II.ii.103-106 (1150-54)
Here 'The Court of Rome commanding' is a parenthesis modifying 'vertue', part of an inverted phrase before the subject of the sentence 'You my Lord'. Read 'commanding, you my Lord | Cardinall of Yorke, are joyn'd', with retention of the caesural comma. More typical is Henry's aside in the Blackfriars court scene, also set by Compositor I:
My learn'd and welbeloved Servant Cranmer,
Prethee returne, with thy approch: I know,
My comfort comes along: . . .
II.iv.236-238 (1609-11)
Transposition to read 'Prethee returne: with thy approch, I know' straightens out the compositorial error caused by memorial failure, although mistaken sense cannot be ruled out.

[16]

One may note the ambiguity of the question mark, which poses a problem for modernizing editors more than for old-spelling.

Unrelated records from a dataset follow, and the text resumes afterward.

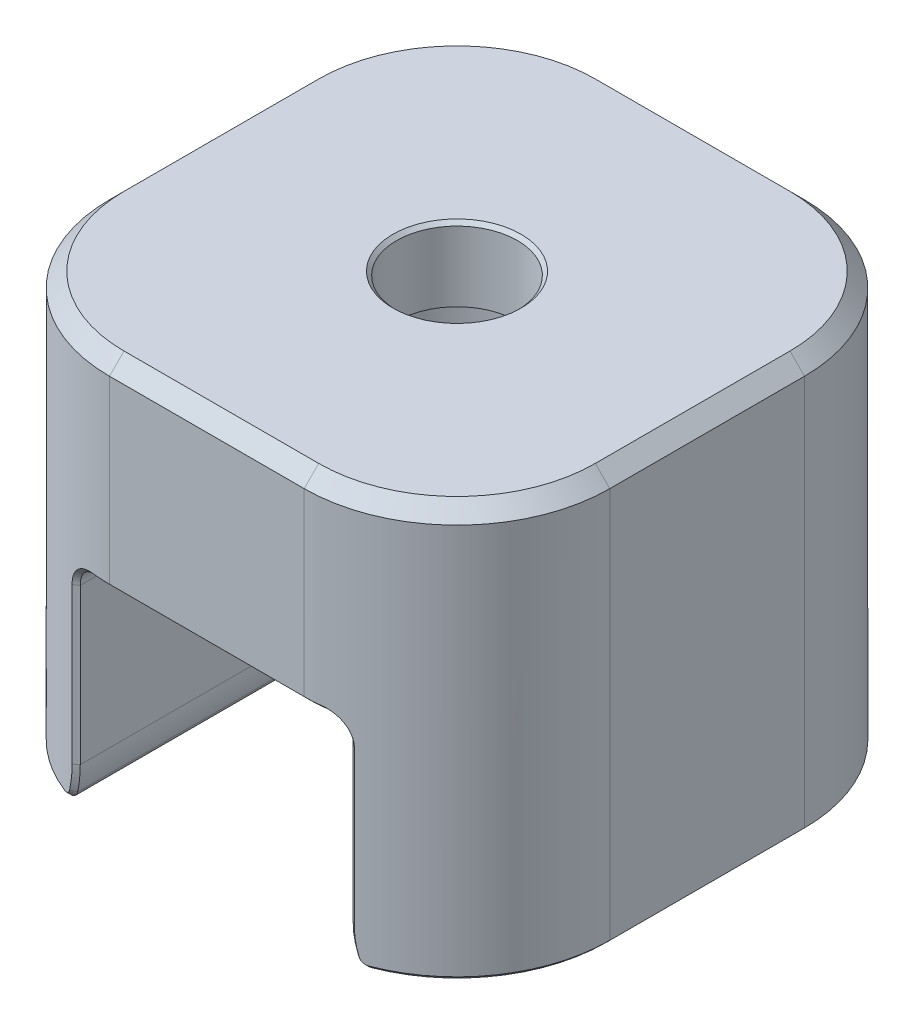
ISO-10303-21;
HEADER;
FILE_DESCRIPTION(('STEP AP214'),'2;1');
FILE_NAME('part.step','',(''),(''),'','','');
FILE_SCHEMA(('AUTOMOTIVE_DESIGN { 1 0 10303 214 1 1 1 1 }'));
ENDSEC;
DATA;
#1=APPLICATION_CONTEXT('core data for automotive mechanical design processes');
#2=APPLICATION_PROTOCOL_DEFINITION('international standard','automotive_design',2000,#1);
#3=PRODUCT_CONTEXT('',#1,'mechanical');
#4=PRODUCT('Part','Part','',(#3));
#5=PRODUCT_RELATED_PRODUCT_CATEGORY('part','',(#4));
#6=PRODUCT_DEFINITION_FORMATION('','',#4);
#7=PRODUCT_DEFINITION_CONTEXT('part definition',#1,'design');
#8=PRODUCT_DEFINITION('design','',#6,#7);
#9=PRODUCT_DEFINITION_SHAPE('','',#8);
#10=(LENGTH_UNIT() NAMED_UNIT(*) SI_UNIT(.MILLI.,.METRE.));
#11=(NAMED_UNIT(*) PLANE_ANGLE_UNIT() SI_UNIT($,.RADIAN.));
#12=(NAMED_UNIT(*) SI_UNIT($,.STERADIAN.) SOLID_ANGLE_UNIT());
#13=UNCERTAINTY_MEASURE_WITH_UNIT(LENGTH_MEASURE(1.E-05),#10,'distance_accuracy_value','');
#14=(GEOMETRIC_REPRESENTATION_CONTEXT(3) GLOBAL_UNCERTAINTY_ASSIGNED_CONTEXT((#13)) GLOBAL_UNIT_ASSIGNED_CONTEXT((#10,
#11,#12)) REPRESENTATION_CONTEXT('',''));
#15=CARTESIAN_POINT('',(0.,0.,0.));
#16=DIRECTION('',(0.,0.,1.));
#17=DIRECTION('',(1.,0.,0.));
#18=AXIS2_PLACEMENT_3D('',#15,#16,#17);
#19=CARTESIAN_POINT('',(6.79449999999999,0.,-6.7945));
#20=DIRECTION('',(0.,-1.,0.));
#21=DIRECTION('',(0.,0.,-1.));
#22=AXIS2_PLACEMENT_3D('',#19,#20,#21);
#23=PLANE('',#22);
#24=DIRECTION('',(0.,0.,1.));
#25=VECTOR('',#24,1.);
#26=CARTESIAN_POINT('',(10.5210198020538,0.,-17.4625));
#27=LINE('',#26,#25);
#28=CARTESIAN_POINT('',(10.5210198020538,0.,16.5189252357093));
#29=VERTEX_POINT('',#28);
#30=CARTESIAN_POINT('',(10.5210198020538,0.,-16.5189252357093));
#31=VERTEX_POINT('',#30);
#32=EDGE_CURVE('E292',#29,#31,#27,.F.);
#33=ORIENTED_EDGE('',*,*,#32,.T.);
#34=CARTESIAN_POINT('',(6.79449999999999,0.,-6.7945));
#35=DIRECTION('',(0.,-1.,0.));
#36=DIRECTION('',(0.,0.,-1.));
#37=AXIS2_PLACEMENT_3D('',#34,#35,#36);
#38=CIRCLE('',#37,10.414);
#39=CARTESIAN_POINT('',(17.2085,0.,-6.7945));
#40=VERTEX_POINT('',#39);
#41=EDGE_CURVE('E2101',#31,#40,#38,.T.);
#42=ORIENTED_EDGE('',*,*,#41,.T.);
#43=DIRECTION('',(0.,0.,1.));
#44=VECTOR('',#43,1.);
#45=CARTESIAN_POINT('',(17.2085,0.,6.7945));
#46=LINE('',#45,#44);
#47=CARTESIAN_POINT('',(17.2085,0.,6.7945));
#48=VERTEX_POINT('',#47);
#49=EDGE_CURVE('E2103',#40,#48,#46,.T.);
#50=ORIENTED_EDGE('',*,*,#49,.T.);
#51=CARTESIAN_POINT('',(6.79449999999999,0.,6.7945));
#52=DIRECTION('',(0.,-1.,0.));
#53=DIRECTION('',(0.,0.,-1.));
#54=AXIS2_PLACEMENT_3D('',#51,#52,#53);
#55=CIRCLE('',#54,10.414);
#56=EDGE_CURVE('E339',#48,#29,#55,.T.);
#57=ORIENTED_EDGE('',*,*,#56,.T.);
#58=EDGE_LOOP('',(#33,#42,#50,#57));
#59=FACE_BOUND('',#58,.T.);
#60=ADVANCED_FACE('F38',(#59),#23,.T.);
#61=CARTESIAN_POINT('',(6.79449999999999,28.575,-6.7945));
#62=DIRECTION('',(0.,-1.,0.));
#63=DIRECTION('',(0.,0.,-1.));
#64=AXIS2_PLACEMENT_3D('',#61,#62,#63);
#65=CYLINDRICAL_SURFACE('',#64,10.668);
#66=DIRECTION('',(0.,-1.,0.));
#67=VECTOR('',#66,1.);
#68=CARTESIAN_POINT('',(17.4625,28.575,-6.7945));
#69=LINE('',#68,#67);
#70=CARTESIAN_POINT('',(17.4625,27.559,-6.7945));
#71=VERTEX_POINT('',#70);
#72=CARTESIAN_POINT('',(17.4625,0.254000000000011,-6.7945));
#73=VERTEX_POINT('',#72);
#74=EDGE_CURVE('E377',#71,#73,#69,.T.);
#75=ORIENTED_EDGE('',*,*,#74,.T.);
#76=CARTESIAN_POINT('',(6.79449999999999,0.254000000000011,-6.7945));
#77=DIRECTION('',(0.,-1.,0.));
#78=DIRECTION('',(0.,0.,-1.));
#79=AXIS2_PLACEMENT_3D('',#76,#77,#78);
#80=CIRCLE('',#79,10.668);
#81=CARTESIAN_POINT('',(10.6119105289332,0.254000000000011,-16.7561063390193));
#82=VERTEX_POINT('',#81);
#83=EDGE_CURVE('E1994',#73,#82,#80,.F.);
#84=ORIENTED_EDGE('',*,*,#83,.T.);
#85=CARTESIAN_POINT('',(10.1133137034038,0.616527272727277,-16.9331241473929));
#86=CARTESIAN_POINT('',(10.1174639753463,0.602972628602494,-16.9317655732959));
#87=CARTESIAN_POINT('',(10.1221675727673,0.58966916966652,-16.9302231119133));
#88=CARTESIAN_POINT('',(10.1326540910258,0.56355292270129,-16.9267742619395));
#89=CARTESIAN_POINT('',(10.1384420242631,0.550732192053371,-16.9248662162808));
#90=CARTESIAN_POINT('',(10.1510703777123,0.525610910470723,-16.920689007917));
#91=CARTESIAN_POINT('',(10.1579622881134,0.513231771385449,-16.9184026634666));
#92=CARTESIAN_POINT('',(10.1725981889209,0.489342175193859,-16.9135284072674));
#93=CARTESIAN_POINT('',(10.1803599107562,0.477782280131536,-16.9109347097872));
#94=CARTESIAN_POINT('',(10.1967321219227,0.45542164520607,-16.9054403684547));
#95=CARTESIAN_POINT('',(10.2053434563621,0.444618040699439,-16.9025394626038));
#96=CARTESIAN_POINT('',(10.2233998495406,0.423751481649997,-16.8964285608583));
#97=CARTESIAN_POINT('',(10.2328457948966,0.413687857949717,-16.8932182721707));
#98=CARTESIAN_POINT('',(10.2525675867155,0.394305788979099,-16.8864820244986));
#99=CARTESIAN_POINT('',(10.262859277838,0.384974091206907,-16.8829506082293));
#100=CARTESIAN_POINT('',(10.2842340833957,0.367116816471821,-16.8755767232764));
#101=CARTESIAN_POINT('',(10.2951710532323,0.358709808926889,-16.8717846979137));
#102=CARTESIAN_POINT('',(10.3175715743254,0.342849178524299,-16.8639752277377));
#103=CARTESIAN_POINT('',(10.3290262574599,0.335403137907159,-16.859960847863));
#104=CARTESIAN_POINT('',(10.3524289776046,0.321454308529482,-16.8517123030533));
#105=CARTESIAN_POINT('',(10.3643770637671,0.314951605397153,-16.8474781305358));
#106=CARTESIAN_POINT('',(10.3887607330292,0.302882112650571,-16.8387860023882));
#107=CARTESIAN_POINT('',(10.4012014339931,0.297314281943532,-16.8343261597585));
#108=CARTESIAN_POINT('',(10.4265530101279,0.2871282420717,-16.8251828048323));
#109=CARTESIAN_POINT('',(10.4395301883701,0.282494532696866,-16.820474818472));
#110=CARTESIAN_POINT('',(10.4655002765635,0.274339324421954,-16.810994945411));
#111=CARTESIAN_POINT('',(10.4785765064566,0.270780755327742,-16.8061931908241));
#112=CARTESIAN_POINT('',(10.5048577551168,0.264690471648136,-16.7964830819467));
#113=CARTESIAN_POINT('',(10.5180707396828,0.262155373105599,-16.7915718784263));
#114=CARTESIAN_POINT('',(10.5579223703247,0.256059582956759,-16.7766681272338));
#115=CARTESIAN_POINT('',(10.5847727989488,0.254002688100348,-16.7665058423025));
#116=CARTESIAN_POINT('',(10.6119105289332,0.254000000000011,-16.7561063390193));
#117=B_SPLINE_CURVE_WITH_KNOTS('',3,(#85,#86,#87,#88,#89,#90,#91,#92,#93,#94,#95,#96,#97,#98,
#99,#100,#101,#102,#103,#104,#105,#106,#107,#108,#109,#110,#111,#112,#113,#114,#115,#116),
.UNSPECIFIED.,.F.,.F.,(4,2,2,2,2,2,2,2,2,2,2,2,2,2,2,4),(0.,4.19707702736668E-05,
8.39415405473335E-05,0.000125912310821,0.000167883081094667,0.000209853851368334,
0.000251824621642,0.000293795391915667,0.000335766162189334,0.000377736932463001,
0.000419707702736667,0.000461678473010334,0.000503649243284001,0.000545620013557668,
0.000587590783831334,0.000671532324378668),.UNSPECIFIED.);
#118=CARTESIAN_POINT('',(10.1133137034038,0.616527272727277,-16.9331241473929));
#119=VERTEX_POINT('',#118);
#120=EDGE_CURVE('E2057',#82,#119,#117,.F.);
#121=ORIENTED_EDGE('',*,*,#120,.T.);
#122=CARTESIAN_POINT('',(9.85179268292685,2.3622,-17.0150276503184));
#123=CARTESIAN_POINT('',(9.85179438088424,2.21331114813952,-17.0150261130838));
#124=CARTESIAN_POINT('',(9.85737256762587,2.06529268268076,-17.0133633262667));
#125=CARTESIAN_POINT('',(9.87939559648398,1.77095469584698,-17.0067365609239));
#126=CARTESIAN_POINT('',(9.89583964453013,1.62463500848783,-17.0017737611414));
#127=CARTESIAN_POINT('',(9.93947381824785,1.33368330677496,-16.9884140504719));
#128=CARTESIAN_POINT('',(9.96666419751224,1.18905131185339,-16.9800175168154));
#129=CARTESIAN_POINT('',(10.0318395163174,0.901495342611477,-16.9594900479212));
#130=CARTESIAN_POINT('',(10.0698256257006,0.758571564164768,-16.9473584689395));
#131=CARTESIAN_POINT('',(10.1133137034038,0.616527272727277,-16.9331241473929));
#132=B_SPLINE_CURVE_WITH_KNOTS('',3,(#122,#123,#124,#125,#126,#127,#128,#129,#130,#131),
.UNSPECIFIED.,.F.,.F.,(4,2,2,2,4),(0.,0.000441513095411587,0.000883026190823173,
0.00132453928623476,0.00176605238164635),.UNSPECIFIED.);
#133=CARTESIAN_POINT('',(9.85179268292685,2.3622,-17.0150276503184));
#134=VERTEX_POINT('',#133);
#135=EDGE_CURVE('E1959',#119,#134,#132,.F.);
#136=ORIENTED_EDGE('',*,*,#135,.T.);
#137=DIRECTION('',(0.,-1.,0.));
#138=VECTOR('',#137,1.);
#139=CARTESIAN_POINT('',(9.85179268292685,28.575,-17.0150276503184));
#140=LINE('',#139,#138);
#141=CARTESIAN_POINT('',(9.85179268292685,13.208,-17.0150276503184));
#142=VERTEX_POINT('',#141);
#143=EDGE_CURVE('E2067',#134,#142,#140,.F.);
#144=ORIENTED_EDGE('',*,*,#143,.T.);
#145=CARTESIAN_POINT('',(8.0304268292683,14.986,-17.3906648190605));
#146=CARTESIAN_POINT('',(8.09072751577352,14.985998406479,-17.3836313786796));
#147=CARTESIAN_POINT('',(8.15059649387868,14.9830841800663,-17.3761267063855));
#148=CARTESIAN_POINT('',(8.23977023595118,14.9744573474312,-17.3641886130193));
#149=CARTESIAN_POINT('',(8.26938974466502,14.9708715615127,-17.3600957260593));
#150=CARTESIAN_POINT('',(8.32841972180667,14.9622836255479,-17.3516872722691));
#151=CARTESIAN_POINT('',(8.35783044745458,14.957281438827,-17.3473716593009));
#152=CARTESIAN_POINT('',(8.41644165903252,14.9458546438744,-17.3385223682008));
#153=CARTESIAN_POINT('',(8.44565102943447,14.9394278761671,-17.3339872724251));
#154=CARTESIAN_POINT('',(8.50382536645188,14.9251428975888,-17.324708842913));
#155=CARTESIAN_POINT('',(8.53258373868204,14.9173362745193,-17.3199986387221));
#156=CARTESIAN_POINT('',(8.58949985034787,14.9004158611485,-17.310441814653));
#157=CARTESIAN_POINT('',(8.6176507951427,14.8913036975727,-17.3055962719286));
#158=CARTESIAN_POINT('',(8.67335000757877,14.8717959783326,-17.2957830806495));
#159=CARTESIAN_POINT('',(8.70089824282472,14.8614003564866,-17.2908154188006));
#160=CARTESIAN_POINT('',(8.78264965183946,14.8283044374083,-17.2757478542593));
#161=CARTESIAN_POINT('',(8.8359617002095,14.8036992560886,-17.2654829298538));
#162=CARTESIAN_POINT('',(8.94021256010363,14.7493780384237,-17.2446180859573));
#163=CARTESIAN_POINT('',(8.99116892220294,14.7196514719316,-17.2340142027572));
#164=CARTESIAN_POINT('',(9.09057941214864,14.6549431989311,-17.2126009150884));
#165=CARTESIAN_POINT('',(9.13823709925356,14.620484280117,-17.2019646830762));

Some take the question mark to be the Folio equivalent of an exclamation, as often, and like Alexander, Kittredge, and the New Penguin print 'him!' Others, like the New Arden, follow the Globe in retaining the query. Since in my opinion only in extreme cases of possible confusion of the sense should an old-spelling editor insert uncharacteristic exclamation points in texts normally wanting them, such an editor may well retain the question mark here. Although it is likely that Norfolk's is an exclamation, it is also possible that, with ellipsis, he is inquiring Has this priest no pride in him? which might be supported by Suffolk's response, although not necessarily so. Even if an old-spelling editor chooses to interpret the line as an exclamation, the conventional question mark conveys the sense well enough in an unmodernized text. Of course, a modernizing editor must make a choice.

[17]

To venture one may be closely associated but perhaps not idiomatically identical with to make one: see, for example, 'Ile make one in a dance', LLL, V.i.160 (1884) or 'I see a sword out, my finger itches to make one', MWW, II.iii.48 (1108-9), where 'make one' means to join a group.

[18]

It is true that the Folio is our sole authority and that its reading of Norfolk's line,


95

Page 95
alone, makes sense. It is also true that Compositor I, who set the line, often introduces strong stops like a semicolon or even a period in inappropriate places (vide 'So if that quarrell. Fortune, do divorce', II.iii.14 [1217]) so that the Folio semicolon may be an error as required by a nominal have-at-him. But general suspicion of Compositor I's punctuation, no matter how well deserved, is no demonstration of error. Nor perhaps is the interesting fact that the F2 compositor failed to understand the idiom of 'Ile venture one' and by removing the semicolon and substituting 'heave' for 'have' he indicated that he thought 'one' was an adjective. In the end, the reading is likely subject only to opinion. I opt for 'have at him' as a noun and the emended deletion of the intrusive semicolon, in part moved by a question whether, in actuality, venture one is a true parallel here to make one. If it is not, except for the possible interpretation that 'Ile venture one' means I for one will venture (and I doubt it) the phrase is idiomatically suspect. It seems probable, therefore, that Randolph's nominal 'one have at all of mine' is the true parallel, in which case the possibility of 'have at him' as a noun, also, is the stronger and emendation in Henry VIII is advisable.